In 1969 he returned to Israel where he was appointed as Israel Commissioner of Patent Trademarks and Copyright, and Deputy Attorney General of Israel (which included judicial powers and responsibilities). From 1976 to 1987 he was the Director General of the Ministry of Justice and Chairperson of the Auditor's Council. Gabay served under six consecutive ministers of different political parties (Zadok, Begin, Tamir, Nisim, Modaii, and Sarir). In 1985 he won a medal from the US Congress for his part in negotiating the Israel–United States Free Trade Agreement. In 1987 he served briefly as chairperson of Israel Securities Authority. Following the unity government coalition agreement, which specified five key positions that required consensus nomination, Gabay was nominated as Civil Service Commissioner of Israel.

Following his retirement from the Israeli civil service in 1994, he joined the law firm of Abraham Neeman & Co., where he mostly dealt with international commercial issues. During 1998 he served as a sole arbitrator, appointed by the International Chamber of Commerce (ICC), in a major arbitration between Spanish, British and Indian companies. He was designated a member of the World Bank Pool of Arbitrators under the International Centre for Settlement of Investment Disputes. Gabay was designated as a potential panelist for dispute resolution under the Agreement on Trade-Related Aspects of Intellectual Property Rights(TRIPS) in the World Trade Organization (WTO).

Gabay chaired many public committees in Israel, including the Committee to Check the Prohibitions for Abortions, 1974; the Committee for Proposed Legislative Arrangements in the Capital Market, 1985; Public Committee for Property Tax Issues, 1997; the Patent and Copyright Laws Revision Committees in Israel, 1987; and the commission regarding the new copyright law, 1998. During the 1980s Gabay was a member of the Israeli team negotiating the autonomy plan with Egypt under the Camp David Accords. Following the Madrid Conference of 1991 he was a member of the Israeli team negotiating with the Palestinians' interim self-government arrangements, to be followed by permanent status negotiations. This eventually led to the Oslo Accords. Gabay negotiated on behalf of Israel the contract concerning the establishment of the Baháʼí Universal House of Justice in Haifa.
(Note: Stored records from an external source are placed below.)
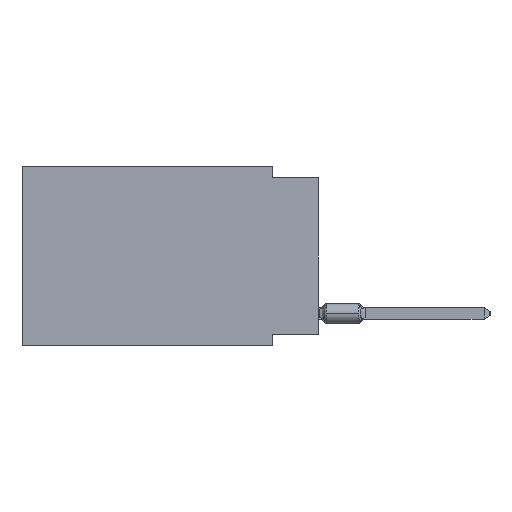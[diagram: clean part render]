
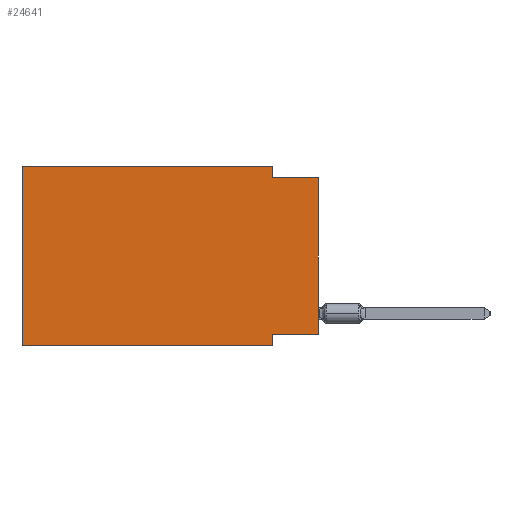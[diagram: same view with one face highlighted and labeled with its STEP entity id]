
A CAD part, left-side view. The second image highlights one B-rep face of the part: STEP entity #24641.
In plain terms, the highlighted planar face has unit normal (-1, 0, 0).
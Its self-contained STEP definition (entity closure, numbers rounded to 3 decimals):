
#495 = CARTESIAN_POINT ( 'NONE',  ( 0., 16.383, 0. ) ) ;
#914 = LINE ( 'NONE', #495, #21858 ) ;
#2971 = LINE ( 'NONE', #58559, #8347 ) ;
#7069 = VECTOR ( 'NONE', #10440, 1000. ) ;
#7399 = ORIENTED_EDGE ( 'NONE', *, *, #58027, .F. ) ;
#8347 = VECTOR ( 'NONE', #26815, 1000. ) ;
#8541 = DIRECTION ( 'NONE',  ( 0., 0., -1. ) ) ;
#10440 = DIRECTION ( 'NONE',  ( 0., 1., 0. ) ) ;
#11424 = CARTESIAN_POINT ( 'NONE',  ( 0., 16.383, 0. ) ) ;
#11839 = ORIENTED_EDGE ( 'NONE', *, *, #18809, .T. ) ;
#12442 = EDGE_CURVE ( 'NONE', #49752, #81091, #914, .T. ) ;
#13119 = VECTOR ( 'NONE', #19796, 1000. ) ;
#13996 = DIRECTION ( 'NONE',  ( 0., 0., -1. ) ) ;
#14496 = VECTOR ( 'NONE', #13996, 1000. ) ;
#16142 = LINE ( 'NONE', #35778, #58251 ) ;
#16288 = DIRECTION ( 'NONE',  ( 0., 0., -1. ) ) ;
#17208 = CARTESIAN_POINT ( 'NONE',  ( 0., 2.54, -9.271 ) ) ;
#18114 = EDGE_CURVE ( 'NONE', #75531, #81695, #33966, .T. ) ;
#18809 = EDGE_CURVE ( 'NONE', #49752, #70455, #82297, .T. ) ;
#19796 = DIRECTION ( 'NONE',  ( 0., 0., 1. ) ) ;
#20244 = CARTESIAN_POINT ( 'NONE',  ( 0., 2.54, -9.906 ) ) ;
#21858 = VECTOR ( 'NONE', #56921, 1000. ) ;
#23005 = VERTEX_POINT ( 'NONE', #17208 ) ;
#23152 = VERTEX_POINT ( 'NONE', #64782 ) ;
#24641 = ADVANCED_FACE ( 'NONE', ( #47627 ), #60568, .F. ) ;
#25679 = EDGE_LOOP ( 'NONE', ( #59619, #43343, #7399, #59715, #58543, #11839, #46733, #79097 ) ) ;
#26815 = DIRECTION ( 'NONE',  ( 0., -1., 0. ) ) ;
#27126 = AXIS2_PLACEMENT_3D ( 'NONE', #61406, #48033, #16288 ) ;
#31581 = CARTESIAN_POINT ( 'NONE',  ( 0., 2.54, -9.906 ) ) ;
#33966 = LINE ( 'NONE', #77448, #13119 ) ;
#34799 = VERTEX_POINT ( 'NONE', #80838 ) ;
#35778 = CARTESIAN_POINT ( 'NONE',  ( 0., 16.383, 0. ) ) ;
#40709 = CARTESIAN_POINT ( 'NONE',  ( 0., 2.54, 0. ) ) ;
#41442 = EDGE_CURVE ( 'NONE', #81091, #34799, #16142, .T. ) ;
#43025 = CARTESIAN_POINT ( 'NONE',  ( 0., 16.383, -9.906 ) ) ;
#43343 = ORIENTED_EDGE ( 'NONE', *, *, #80276, .F. ) ;
#46733 = ORIENTED_EDGE ( 'NONE', *, *, #61429, .F. ) ;
#47627 = FACE_OUTER_BOUND ( 'NONE', #25679, .T. ) ;
#47801 = LINE ( 'NONE', #40709, #70214 ) ;
#48033 = DIRECTION ( 'NONE',  ( 1., 0., 0. ) ) ;
#49752 = VERTEX_POINT ( 'NONE', #53527 ) ;
#52831 = LINE ( 'NONE', #20244, #14496 ) ;
#53527 = CARTESIAN_POINT ( 'NONE',  ( 0., 16.383, -9.906 ) ) ;
#55960 = LINE ( 'NONE', #73116, #7069 ) ;
#56921 = DIRECTION ( 'NONE',  ( 0., 0., 1. ) ) ;
#58027 = EDGE_CURVE ( 'NONE', #34799, #23152, #47801, .T. ) ;
#58251 = VECTOR ( 'NONE', #59607, 1000. ) ;
#58543 = ORIENTED_EDGE ( 'NONE', *, *, #12442, .F. ) ;
#58559 = CARTESIAN_POINT ( 'NONE',  ( 0., 0., -0.635 ) ) ;
#59607 = DIRECTION ( 'NONE',  ( 0., -1., 0. ) ) ;
#59619 = ORIENTED_EDGE ( 'NONE', *, *, #18114, .T. ) ;
#59715 = ORIENTED_EDGE ( 'NONE', *, *, #41442, .F. ) ;
#60568 = PLANE ( 'NONE',  #27126 ) ;
#61406 = CARTESIAN_POINT ( 'NONE',  ( 0., 16.383, 0. ) ) ;
#61429 = EDGE_CURVE ( 'NONE', #23005, #70455, #52831, .T. ) ;
#62692 = CARTESIAN_POINT ( 'NONE',  ( 0., 0., -0.635 ) ) ;
#62962 = CARTESIAN_POINT ( 'NONE',  ( 0., 0., -9.271 ) ) ;
#64782 = CARTESIAN_POINT ( 'NONE',  ( 0., 2.54, -0.635 ) ) ;
#68092 = DIRECTION ( 'NONE',  ( 0., -1., 0. ) ) ;
#70214 = VECTOR ( 'NONE', #8541, 1000. ) ;
#70455 = VERTEX_POINT ( 'NONE', #31581 ) ;
#73116 = CARTESIAN_POINT ( 'NONE',  ( 0., 0., -9.271 ) ) ;
#75531 = VERTEX_POINT ( 'NONE', #62962 ) ;
#77448 = CARTESIAN_POINT ( 'NONE',  ( 0., 0., 0. ) ) ;
#77601 = EDGE_CURVE ( 'NONE', #75531, #23005, #55960, .T. ) ;
#79097 = ORIENTED_EDGE ( 'NONE', *, *, #77601, .F. ) ;
#80276 = EDGE_CURVE ( 'NONE', #23152, #81695, #2971, .T. ) ;
#80838 = CARTESIAN_POINT ( 'NONE',  ( 0., 2.54, 0. ) ) ;
#81091 = VERTEX_POINT ( 'NONE', #11424 ) ;
#81220 = VECTOR ( 'NONE', #68092, 1000. ) ;
#81695 = VERTEX_POINT ( 'NONE', #62692 ) ;
#82297 = LINE ( 'NONE', #43025, #81220 ) ;

During the early 1990s Gabay was a member of the Israeli delegation to the United Nations. In November 1993 he was elected as a judge in the United Nations Administrative Tribunal. In 1997 he was elected as vice president of the tribunal, and in 2000 he was elected president of the tribunal, until his retirement in 2002.

For many years prior to his death in 2010, Gabay served as President of United Nations Association of Israel, co-chairperson of the Interreligious Coordinating Council in Israel (ICCI), Chairman of the Council of the International Association of Jewish Lawyers and Jurists, a member of the Consultative Commission on Arbitration and Conciliation in the World Intellectual Property Organization (WIPO), and the Israeli delegate in the ICC International Court of Arbitration.

Parallel to his career, Gabay was a senior lecturer on Intellectual Property and International Trade Law at the Universities of Jerusalem and Tel Aviv.

== Cultural heritage ==
Gabay was proud of his family’s heritage. For several years he served as chairman of the board of trustees of Mishgav Yerushalayim, The Center for Research and Study of Sephardi and Oriental Jewish Heritage. Gabay led the merger of Mishgav Yerushalayim with the Center for Jewish studies at the Hebrew University of Jerusalem. He served on the board of trustees of the National Authority of Ladino, as well as on the board of the Misgav Ladach Hospital In Jerusalem.

== Legacy ==
Gabay believed in taking active responsibility to enhance international, interracial, and inter denominational friendship and collaboration. He strongly believed in democracy, human rights, and Zionism, and the positive role of the Jewish nation and the state of Israel in the Middle East and the world.